AIM OF THE EXERCISE ▸
Write out the opening lines of the data word for word, up to and including the line with "#1=APPLICATION_CONTEXT('core data for", and leave every picture and every later line out.

INPUT DATA ▸
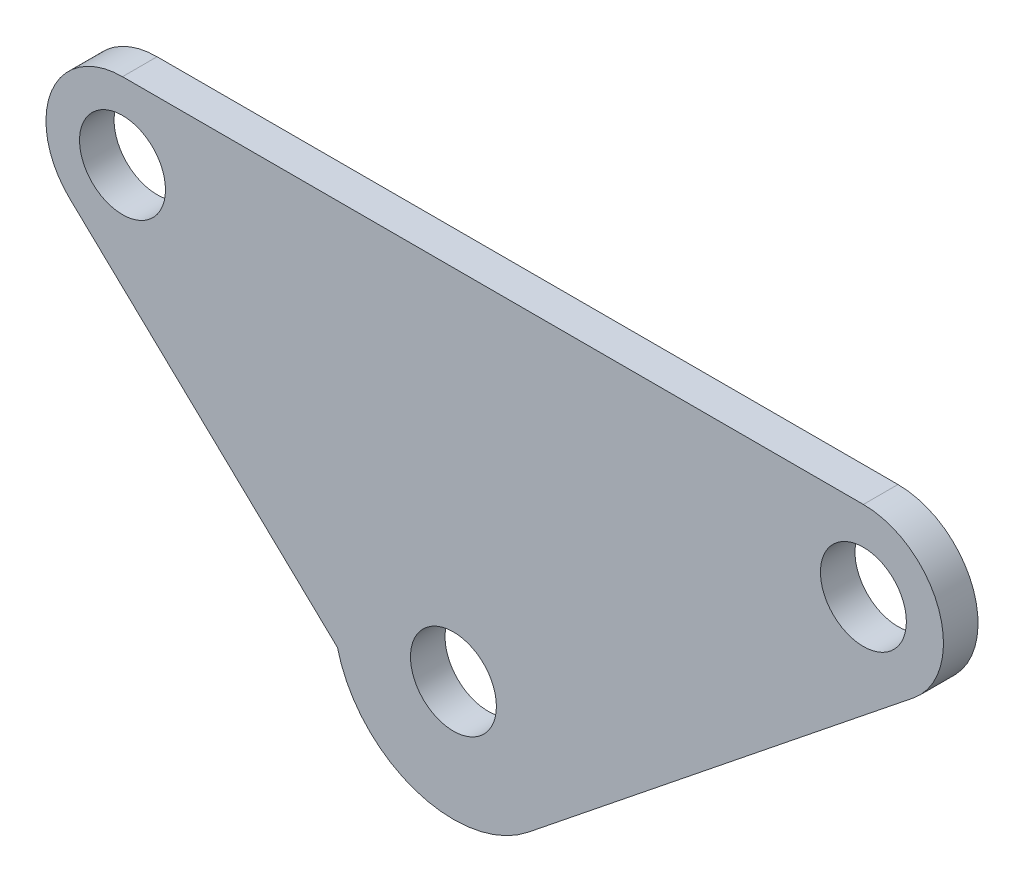
ISO-10303-21;
HEADER;
FILE_DESCRIPTION(('STEP AP214'),'2;1');
FILE_NAME('part.step','',(''),(''),'','','');
FILE_SCHEMA(('AUTOMOTIVE_DESIGN { 1 0 10303 214 1 1 1 1 }'));
ENDSEC;
DATA;
#1=APPLICATION_CONTEXT('core data for automotive mechanical design processes');
#2=APPLICATION_PROTOCOL_DEFINITION('international standard','automotive_design',2000,#1);
#3=PRODUCT_CONTEXT('',#1,'mechanical');
#4=PRODUCT('Part','Part','',(#3));
#5=PRODUCT_RELATED_PRODUCT_CATEGORY('part','',(#4));
#6=PRODUCT_DEFINITION_FORMATION('','',#4);
#7=PRODUCT_DEFINITION_CONTEXT('part definition',#1,'design');
#8=PRODUCT_DEFINITION('design','',#6,#7);
#9=PRODUCT_DEFINITION_SHAPE('','',#8);
#10=(LENGTH_UNIT() NAMED_UNIT(*) SI_UNIT(.MILLI.,.METRE.));
#11=(NAMED_UNIT(*) PLANE_ANGLE_UNIT() SI_UNIT($,.RADIAN.));
#12=(NAMED_UNIT(*) SI_UNIT($,.STERADIAN.) SOLID_ANGLE_UNIT());
#13=UNCERTAINTY_MEASURE_WITH_UNIT(LENGTH_MEASURE(1.E-05),#10,'distance_accuracy_value','');
#14=(GEOMETRIC_REPRESENTATION_CONTEXT(3) GLOBAL_UNCERTAINTY_ASSIGNED_CONTEXT((#13)) GLOBAL_UNIT_ASSIGNED_CONTEXT((#10,
#11,#12)) REPRESENTATION_CONTEXT('',''));
#15=CARTESIAN_POINT('',(0.,0.,0.));
#16=DIRECTION('',(0.,0.,1.));
#17=DIRECTION('',(1.,0.,0.));
#18=AXIS2_PLACEMENT_3D('',#15,#16,#17);
#19=CARTESIAN_POINT('',(-25.1557154604881,24.9764348991561,0.));
#20=DIRECTION('',(0.,0.,-1.));
#21=DIRECTION('',(-1.,0.,0.));
#22=AXIS2_PLACEMENT_3D('',#19,#20,#21);
#23=PLANE('',#22);
#24=CARTESIAN_POINT('',(-25.155715460488,24.9764348991561,0.));
#25=DIRECTION('',(0.,0.,1.));
#26=DIRECTION('',(1.,0.,0.));
#27=AXIS2_PLACEMENT_3D('',#24,#25,#26);
#28=CIRCLE('',#27,4.35);
#29=CARTESIAN_POINT('',(-20.805715460488,24.9764348991561,0.));
#30=VERTEX_POINT('',#29);
#31=EDGE_CURVE('E224',#30,#30,#28,.T.);
#32=ORIENTED_EDGE('',*,*,#31,.F.);
#33=EDGE_LOOP('',(#32));
#34=FACE_BOUND('',#33,.T.);
#35=CARTESIAN_POINT('',(8.34368763549736,-3.55294561262175,0.));
#36=DIRECTION('',(0.,0.,1.));
#37=DIRECTION('',(1.,0.,0.));
#38=AXIS2_PLACEMENT_3D('',#35,#36,#37);
#39=CIRCLE('',#38,4.35);
#40=CARTESIAN_POINT('',(12.6936876354974,-3.55294561262175,0.));
#41=VERTEX_POINT('',#40);
#42=EDGE_CURVE('E228',#41,#41,#39,.T.);
#43=ORIENTED_EDGE('',*,*,#42,.F.);
#44=EDGE_LOOP('',(#43));
#45=FACE_BOUND('',#44,.T.);
#46=CARTESIAN_POINT('',(49.8442845395119,24.6173180206352,0.));
#47=DIRECTION('',(0.,0.,1.));
#48=DIRECTION('',(1.,0.,0.));
#49=AXIS2_PLACEMENT_3D('',#46,#47,#48);
#50=CIRCLE('',#49,4.35);
#51=CARTESIAN_POINT('',(54.1942845395119,24.6173180206352,0.));
#52=VERTEX_POINT('',#51);
#53=EDGE_CURVE('E154',#52,#52,#50,.T.);
#54=ORIENTED_EDGE('',*,*,#53,.F.);
#55=EDGE_LOOP('',(#54));
#56=FACE_BOUND('',#55,.T.);
#57=DIRECTION('',(0.78018197470434,0.625552624761848,0.));
#58=VECTOR('',#57,1.);
#59=CARTESIAN_POINT('',(12.5611499458894,-15.6661204532109,0.));
#60=LINE('',#59,#58);
#61=CARTESIAN_POINT('',(15.9058214676602,-12.9843511772637,0.));
#62=VERTEX_POINT('',#61);
#63=CARTESIAN_POINT('',(54.9149202028772,18.2932800608287,0.));
#64=VERTEX_POINT('',#63);
#65=EDGE_CURVE('E99',#62,#64,#60,.T.);
#66=ORIENTED_EDGE('',*,*,#65,.T.);
#67=CARTESIAN_POINT('',(49.8442845395119,24.6173180206352,0.));
#68=DIRECTION('',(0.,0.,1.));
#69=DIRECTION('',(1.,0.,0.));
#70=AXIS2_PLACEMENT_3D('',#67,#68,#69);
#71=CIRCLE('',#70,8.10584987201626);
#72=CARTESIAN_POINT('',(49.8442845395119,32.7231678926515,0.));
#73=VERTEX_POINT('',#72);
#74=EDGE_CURVE('E147',#73,#64,#71,.F.);
#75=ORIENTED_EDGE('',*,*,#74,.F.);
#76=DIRECTION('',(-1.,0.,0.));
#77=VECTOR('',#76,1.);
#78=CARTESIAN_POINT('',(0.,32.7231678926515,0.));
#79=LINE('',#78,#77);
#80=CARTESIAN_POINT('',(-25.1557154604881,32.7231678926515,0.));
#81=VERTEX_POINT('',#80);
#82=EDGE_CURVE('E151',#73,#81,#79,.T.);
#83=ORIENTED_EDGE('',*,*,#82,.T.);
#84=CARTESIAN_POINT('',(-25.155715460488,24.9764348991561,0.));
#85=DIRECTION('',(0.,0.,1.));
#86=DIRECTION('',(1.,0.,0.));
#87=AXIS2_PLACEMENT_3D('',#84,#85,#86);
#88=CIRCLE('',#87,7.74673299349537);
#89=CARTESIAN_POINT('',(-30.497200323128,19.3656941695646,0.));
#90=VERTEX_POINT('',#89);
#91=EDGE_CURVE('E178',#90,#81,#88,.F.);
#92=ORIENTED_EDGE('',*,*,#91,.F.);
#93=DIRECTION('',(0.724271861996882,-0.689514517555337,0.));
#94=VECTOR('',#93,1.);
#95=CARTESIAN_POINT('',(-4.82814268268854,-5.0715217761848,0.));
#96=LINE('',#95,#94);
#97=CARTESIAN_POINT('',(-3.39661911085823,-6.43434744537243,0.));
#98=VERTEX_POINT('',#97);
#99=EDGE_CURVE('E174',#90,#98,#96,.T.);
#100=ORIENTED_EDGE('',*,*,#99,.T.);
#101=CARTESIAN_POINT('',(8.34368763549738,-3.55294561262168,0.));
#102=DIRECTION('',(0.,0.,1.));
#103=DIRECTION('',(1.,0.,0.));
#104=AXIS2_PLACEMENT_3D('',#101,#102,#103);
#105=CIRCLE('',#104,12.0887252851697);
#106=EDGE_CURVE('E170',#62,#98,#105,.F.);
#107=ORIENTED_EDGE('',*,*,#106,.F.);
#108=EDGE_LOOP('',(#66,#75,#83,#92,#100,#107));
#109=FACE_BOUND('',#108,.T.);
#110=ADVANCED_FACE('F75',(#34,#45,#56,#109),#23,.F.);
#111=CARTESIAN_POINT('',(12.5611499458894,-15.6661204532109,-3.5));
#112=DIRECTION('',(0.625552624761848,-0.78018197470434,0.));
#113=DIRECTION('',(0.78018197470434,0.625552624761848,0.));
#114=AXIS2_PLACEMENT_3D('',#111,#112,#113);
#115=PLANE('',#114);
#116=ORIENTED_EDGE('',*,*,#65,.F.);
#117=DIRECTION('',(0.,0.,1.));
#118=VECTOR('',#117,1.);
#119=CARTESIAN_POINT('',(15.9058214676602,-12.9843511772637,-3.5));
#120=LINE('',#119,#118);
#121=CARTESIAN_POINT('',(15.9058214676602,-12.9843511772637,-3.5));
#122=VERTEX_POINT('',#121);
#123=EDGE_CURVE('E78',#122,#62,#120,.T.);
#124=ORIENTED_EDGE('',*,*,#123,.F.);
#125=DIRECTION('',(0.78018197470434,0.625552624761848,0.));
#126=VECTOR('',#125,1.);
#127=CARTESIAN_POINT('',(12.5611499458894,-15.6661204532109,-3.5));
#128=LINE('',#127,#126);
#129=CARTESIAN_POINT('',(54.9149202028772,18.2932800608287,-3.5));
#130=VERTEX_POINT('',#129);
#131=EDGE_CURVE('E129',#122,#130,#128,.T.);
#132=ORIENTED_EDGE('',*,*,#131,.T.);
#133=DIRECTION('',(0.,0.,1.));
#134=VECTOR('',#133,1.);
#135=CARTESIAN_POINT('',(54.9149202028772,18.2932800608287,-3.5));
#136=LINE('',#135,#134);
#137=EDGE_CURVE('E12',#130,#64,#136,.T.);
#138=ORIENTED_EDGE('',*,*,#137,.T.);
#139=EDGE_LOOP('',(#116,#124,#132,#138));
#140=FACE_BOUND('',#139,.T.);
#141=ADVANCED_FACE('F127',(#140),#115,.T.);
#142=CARTESIAN_POINT('',(49.8442845395119,24.6173180206352,-3.5));
#143=DIRECTION('',(0.,0.,1.));
#144=DIRECTION('',(1.,0.,0.));
#145=AXIS2_PLACEMENT_3D('',#142,#143,#144);
#146=CYLINDRICAL_SURFACE('',#145,8.10584987201626);
#147=ORIENTED_EDGE('',*,*,#74,.T.);
#148=ORIENTED_EDGE('',*,*,#137,.F.);
#149=CARTESIAN_POINT('',(49.8442845395119,24.6173180206352,-3.5));
#150=DIRECTION('',(0.,0.,1.));
#151=DIRECTION('',(1.,0.,0.));
#152=AXIS2_PLACEMENT_3D('',#149,#150,#151);
#153=CIRCLE('',#152,8.10584987201626);
#154=CARTESIAN_POINT('',(49.8442845395119,32.7231678926515,-3.5));
#155=VERTEX_POINT('',#154);
#156=EDGE_CURVE('E133',#155,#130,#153,.F.);
#157=ORIENTED_EDGE('',*,*,#156,.F.);
#158=DIRECTION('',(0.,0.,1.));
#159=VECTOR('',#158,1.);
#160=CARTESIAN_POINT('',(49.8442845395119,32.7231678926515,-3.5));
#161=LINE('',#160,#159);
#162=EDGE_CURVE('E84',#155,#73,#161,.T.);
#163=ORIENTED_EDGE('',*,*,#162,.T.);
#164=EDGE_LOOP('',(#147,#148,#157,#163));
#165=FACE_BOUND('',#164,.T.);
#166=ADVANCED_FACE('F207',(#165),#146,.T.);
#167=CARTESIAN_POINT('',(0.,32.7231678926515,-3.5));
#168=DIRECTION('',(0.,1.,0.));
#169=DIRECTION('',(-1.,0.,0.));
#170=AXIS2_PLACEMENT_3D('',#167,#168,#169);
#171=PLANE('',#170);
#172=ORIENTED_EDGE('',*,*,#82,.F.);
#173=ORIENTED_EDGE('',*,*,#162,.F.);
#174=DIRECTION('',(-1.,0.,0.));
#175=VECTOR('',#174,1.);
#176=CARTESIAN_POINT('',(0.,32.7231678926515,-3.5));
#177=LINE('',#176,#175);
#178=CARTESIAN_POINT('',(-25.1557154604881,32.7231678926515,-3.5));
#179=VERTEX_POINT('',#178);
#180=EDGE_CURVE('E163',#155,#179,#177,.T.);
#181=ORIENTED_EDGE('',*,*,#180,.T.);
#182=DIRECTION('',(0.,0.,1.));
#183=VECTOR('',#182,1.);
#184=CARTESIAN_POINT('',(-25.1557154604881,32.7231678926515,-3.5));
#185=LINE('',#184,#183);
#186=EDGE_CURVE('E187',#179,#81,#185,.T.);
#187=ORIENTED_EDGE('',*,*,#186,.T.);
#188=EDGE_LOOP('',(#172,#173,#181,#187));
#189=FACE_BOUND('',#188,.T.);
#190=ADVANCED_FACE('F205',(#189),#171,.T.);
#191=CARTESIAN_POINT('',(-25.155715460488,24.9764348991561,-3.5));
#192=DIRECTION('',(0.,0.,1.));
#193=DIRECTION('',(1.,0.,0.));
#194=AXIS2_PLACEMENT_3D('',#191,#192,#193);
#195=CYLINDRICAL_SURFACE('',#194,7.74673299349537);
#196=ORIENTED_EDGE('',*,*,#91,.T.);
#197=ORIENTED_EDGE('',*,*,#186,.F.);
#198=CARTESIAN_POINT('',(-25.155715460488,24.9764348991561,-3.5));
#199=DIRECTION('',(0.,0.,1.));
#200=DIRECTION('',(1.,0.,0.));
#201=AXIS2_PLACEMENT_3D('',#198,#199,#200);
#202=CIRCLE('',#201,7.74673299349537);
#203=CARTESIAN_POINT('',(-30.497200323128,19.3656941695646,-3.5));
#204=VERTEX_POINT('',#203);
#205=EDGE_CURVE('E159',#204,#179,#202,.F.);
#206=ORIENTED_EDGE('',*,*,#205,.F.);
#207=DIRECTION('',(0.,0.,1.));
#208=VECTOR('',#207,1.);
#209=CARTESIAN_POINT('',(-30.497200323128,19.3656941695646,-3.5));
#210=LINE('',#209,#208);
#211=EDGE_CURVE('E190',#204,#90,#210,.T.);
#212=ORIENTED_EDGE('',*,*,#211,.T.);
#213=EDGE_LOOP('',(#196,#197,#206,#212));
#214=FACE_BOUND('',#213,.T.);
#215=ADVANCED_FACE('F202',(#214),#195,.T.);
#216=CARTESIAN_POINT('',(-4.82814268268854,-5.0715217761848,-3.5));
#217=DIRECTION('',(-0.689514517555337,-0.724271861996882,0.));
#218=DIRECTION('',(0.724271861996882,-0.689514517555337,0.));
#219=AXIS2_PLACEMENT_3D('',#216,#217,#218);
#220=PLANE('',#219);
#221=ORIENTED_EDGE('',*,*,#99,.F.);
#222=ORIENTED_EDGE('',*,*,#211,.F.);
#223=DIRECTION('',(0.724271861996882,-0.689514517555337,0.));
#224=VECTOR('',#223,1.);
#225=CARTESIAN_POINT('',(-4.82814268268854,-5.0715217761848,-3.5));
#226=LINE('',#225,#224);
#227=CARTESIAN_POINT('',(-3.39661911085823,-6.43434744537243,-3.5));
#228=VERTEX_POINT('',#227);
#229=EDGE_CURVE('E140',#204,#228,#226,.T.);
#230=ORIENTED_EDGE('',*,*,#229,.T.);
#231=DIRECTION('',(0.,0.,1.));
#232=VECTOR('',#231,1.);
#233=CARTESIAN_POINT('',(-3.39661911085823,-6.43434744537243,-3.5));
#234=LINE('',#233,#232);
#235=EDGE_CURVE('E92',#228,#98,#234,.T.);
#236=ORIENTED_EDGE('',*,*,#235,.T.);
#237=EDGE_LOOP('',(#221,#222,#230,#236));
#238=FACE_BOUND('',#237,.T.);
#239=ADVANCED_FACE('F195',(#238),#220,.T.);
#240=CARTESIAN_POINT('',(8.34368763549738,-3.55294561262168,-3.5));
#241=DIRECTION('',(0.,0.,1.));
#242=DIRECTION('',(1.,0.,0.));
#243=AXIS2_PLACEMENT_3D('',#240,#241,#242);
#244=CYLINDRICAL_SURFACE('',#243,12.0887252851697);
#245=ORIENTED_EDGE('',*,*,#106,.T.);
#246=ORIENTED_EDGE('',*,*,#235,.F.);
#247=CARTESIAN_POINT('',(8.34368763549738,-3.55294561262168,-3.5));
#248=DIRECTION('',(0.,0.,1.));
#249=DIRECTION('',(1.,0.,0.));
#250=AXIS2_PLACEMENT_3D('',#247,#248,#249);
#251=CIRCLE('',#250,12.0887252851697);
#252=EDGE_CURVE('E135',#122,#228,#251,.F.);
#253=ORIENTED_EDGE('',*,*,#252,.F.);
#254=ORIENTED_EDGE('',*,*,#123,.T.);
#255=EDGE_LOOP('',(#245,#246,#253,#254));
#256=FACE_BOUND('',#255,.T.);
#257=ADVANCED_FACE('F136',(#256),#244,.T.);
#258=CARTESIAN_POINT('',(-25.1557154604881,24.9764348991561,-3.5));
#259=DIRECTION('',(0.,0.,-1.));
#260=DIRECTION('',(-1.,0.,0.));
#261=AXIS2_PLACEMENT_3D('',#258,#259,#260);
#262=PLANE('',#261);
#263=CARTESIAN_POINT('',(-25.155715460488,24.9764348991561,-3.5));
#264=DIRECTION('',(0.,0.,1.));
#265=DIRECTION('',(1.,0.,0.));
#266=AXIS2_PLACEMENT_3D('',#263,#264,#265);
#267=CIRCLE('',#266,4.35);
#268=CARTESIAN_POINT('',(-20.805715460488,24.9764348991561,-3.5));
#269=VERTEX_POINT('',#268);
#270=EDGE_CURVE('E171',#269,#269,#267,.T.);
#271=ORIENTED_EDGE('',*,*,#270,.T.);
#272=EDGE_LOOP('',(#271));
#273=FACE_BOUND('',#272,.T.);
#274=CARTESIAN_POINT('',(8.34368763549736,-3.55294561262175,-3.5));
#275=DIRECTION('',(0.,0.,1.));
#276=DIRECTION('',(1.,0.,0.));
#277=AXIS2_PLACEMENT_3D('',#274,#275,#276);
#278=CIRCLE('',#277,4.35);
#279=CARTESIAN_POINT('',(12.6936876354974,-3.55294561262175,-3.5));
#280=VERTEX_POINT('',#279);
#281=EDGE_CURVE('E239',#280,#280,#278,.T.);
#282=ORIENTED_EDGE('',*,*,#281,.T.);
#283=EDGE_LOOP('',(#282));
#284=FACE_BOUND('',#283,.T.);
#285=CARTESIAN_POINT('',(49.8442845395119,24.6173180206352,-3.5));
#286=DIRECTION('',(0.,0.,1.));
#287=DIRECTION('',(1.,0.,0.));
#288=AXIS2_PLACEMENT_3D('',#285,#286,#287);
#289=CIRCLE('',#288,4.35);
#290=CARTESIAN_POINT('',(54.1942845395119,24.6173180206352,-3.5));
#291=VERTEX_POINT('',#290);
#292=EDGE_CURVE('E233',#291,#291,#289,.T.);
#293=ORIENTED_EDGE('',*,*,#292,.T.);
#294=EDGE_LOOP('',(#293));
#295=FACE_BOUND('',#294,.T.);
#296=ORIENTED_EDGE('',*,*,#156,.T.);
#297=ORIENTED_EDGE('',*,*,#131,.F.);
#298=ORIENTED_EDGE('',*,*,#252,.T.);
#299=ORIENTED_EDGE('',*,*,#229,.F.);
#300=ORIENTED_EDGE('',*,*,#205,.T.);
#301=ORIENTED_EDGE('',*,*,#180,.F.);
#302=EDGE_LOOP('',(#296,#297,#298,#299,#300,#301));
#303=FACE_BOUND('',#302,.T.);
#304=ADVANCED_FACE('F143',(#273,#284,#295,#303),#262,.T.);
#305=CARTESIAN_POINT('',(49.8442845395119,24.6173180206352,-3.5));
#306=DIRECTION('',(0.,0.,1.));
#307=DIRECTION('',(1.,0.,0.));
#308=AXIS2_PLACEMENT_3D('',#305,#306,#307);
#309=CYLINDRICAL_SURFACE('',#308,4.35);
#310=ORIENTED_EDGE('',*,*,#292,.F.);
#311=EDGE_LOOP('',(#310));
#312=FACE_BOUND('',#311,.T.);
#313=ORIENTED_EDGE('',*,*,#53,.T.);
#314=EDGE_LOOP('',(#313));
#315=FACE_BOUND('',#314,.T.);
#316=ADVANCED_FACE('F261',(#312,#315),#309,.F.);
#317=CARTESIAN_POINT('',(8.34368763549736,-3.55294561262175,-3.5));
#318=DIRECTION('',(0.,0.,1.));
#319=DIRECTION('',(1.,0.,0.));
#320=AXIS2_PLACEMENT_3D('',#317,#318,#319);
#321=CYLINDRICAL_SURFACE('',#320,4.35);
#322=ORIENTED_EDGE('',*,*,#281,.F.);
#323=EDGE_LOOP('',(#322));
#324=FACE_BOUND('',#323,.T.);
#325=ORIENTED_EDGE('',*,*,#42,.T.);
#326=EDGE_LOOP('',(#325));
#327=FACE_BOUND('',#326,.T.);
#328=ADVANCED_FACE('F256',(#324,#327),#321,.F.);
#329=CARTESIAN_POINT('',(-25.155715460488,24.9764348991561,-3.5));
#330=DIRECTION('',(0.,0.,1.));
#331=DIRECTION('',(1.,0.,0.));
#332=AXIS2_PLACEMENT_3D('',#329,#330,#331);
#333=CYLINDRICAL_SURFACE('',#332,4.35);
#334=ORIENTED_EDGE('',*,*,#270,.F.);
#335=EDGE_LOOP('',(#334));
#336=FACE_BOUND('',#335,.T.);
#337=ORIENTED_EDGE('',*,*,#31,.T.);
#338=EDGE_LOOP('',(#337));
#339=FACE_BOUND('',#338,.T.);
#340=ADVANCED_FACE('F253',(#336,#339),#333,.F.);
#341=CLOSED_SHELL('',(#110,#141,#166,#190,#215,#239,#257,#304,#316,#328,#340));
#342=MANIFOLD_SOLID_BREP('B2',#341);
#343=ADVANCED_BREP_SHAPE_REPRESENTATION('',(#18,#342),#14);
#344=SHAPE_DEFINITION_REPRESENTATION(#9,#343);
ENDSEC;
END-ISO-10303-21;

TASK RESULT ▸
ISO-10303-21;
HEADER;
FILE_DESCRIPTION(('STEP AP214'),'2;1');
FILE_NAME('part.step','',(''),(''),'','','');
FILE_SCHEMA(('AUTOMOTIVE_DESIGN { 1 0 10303 214 1 1 1 1 }'));
ENDSEC;
DATA;
#1=APPLICATION_CONTEXT('core data for automotive mechanical design processes');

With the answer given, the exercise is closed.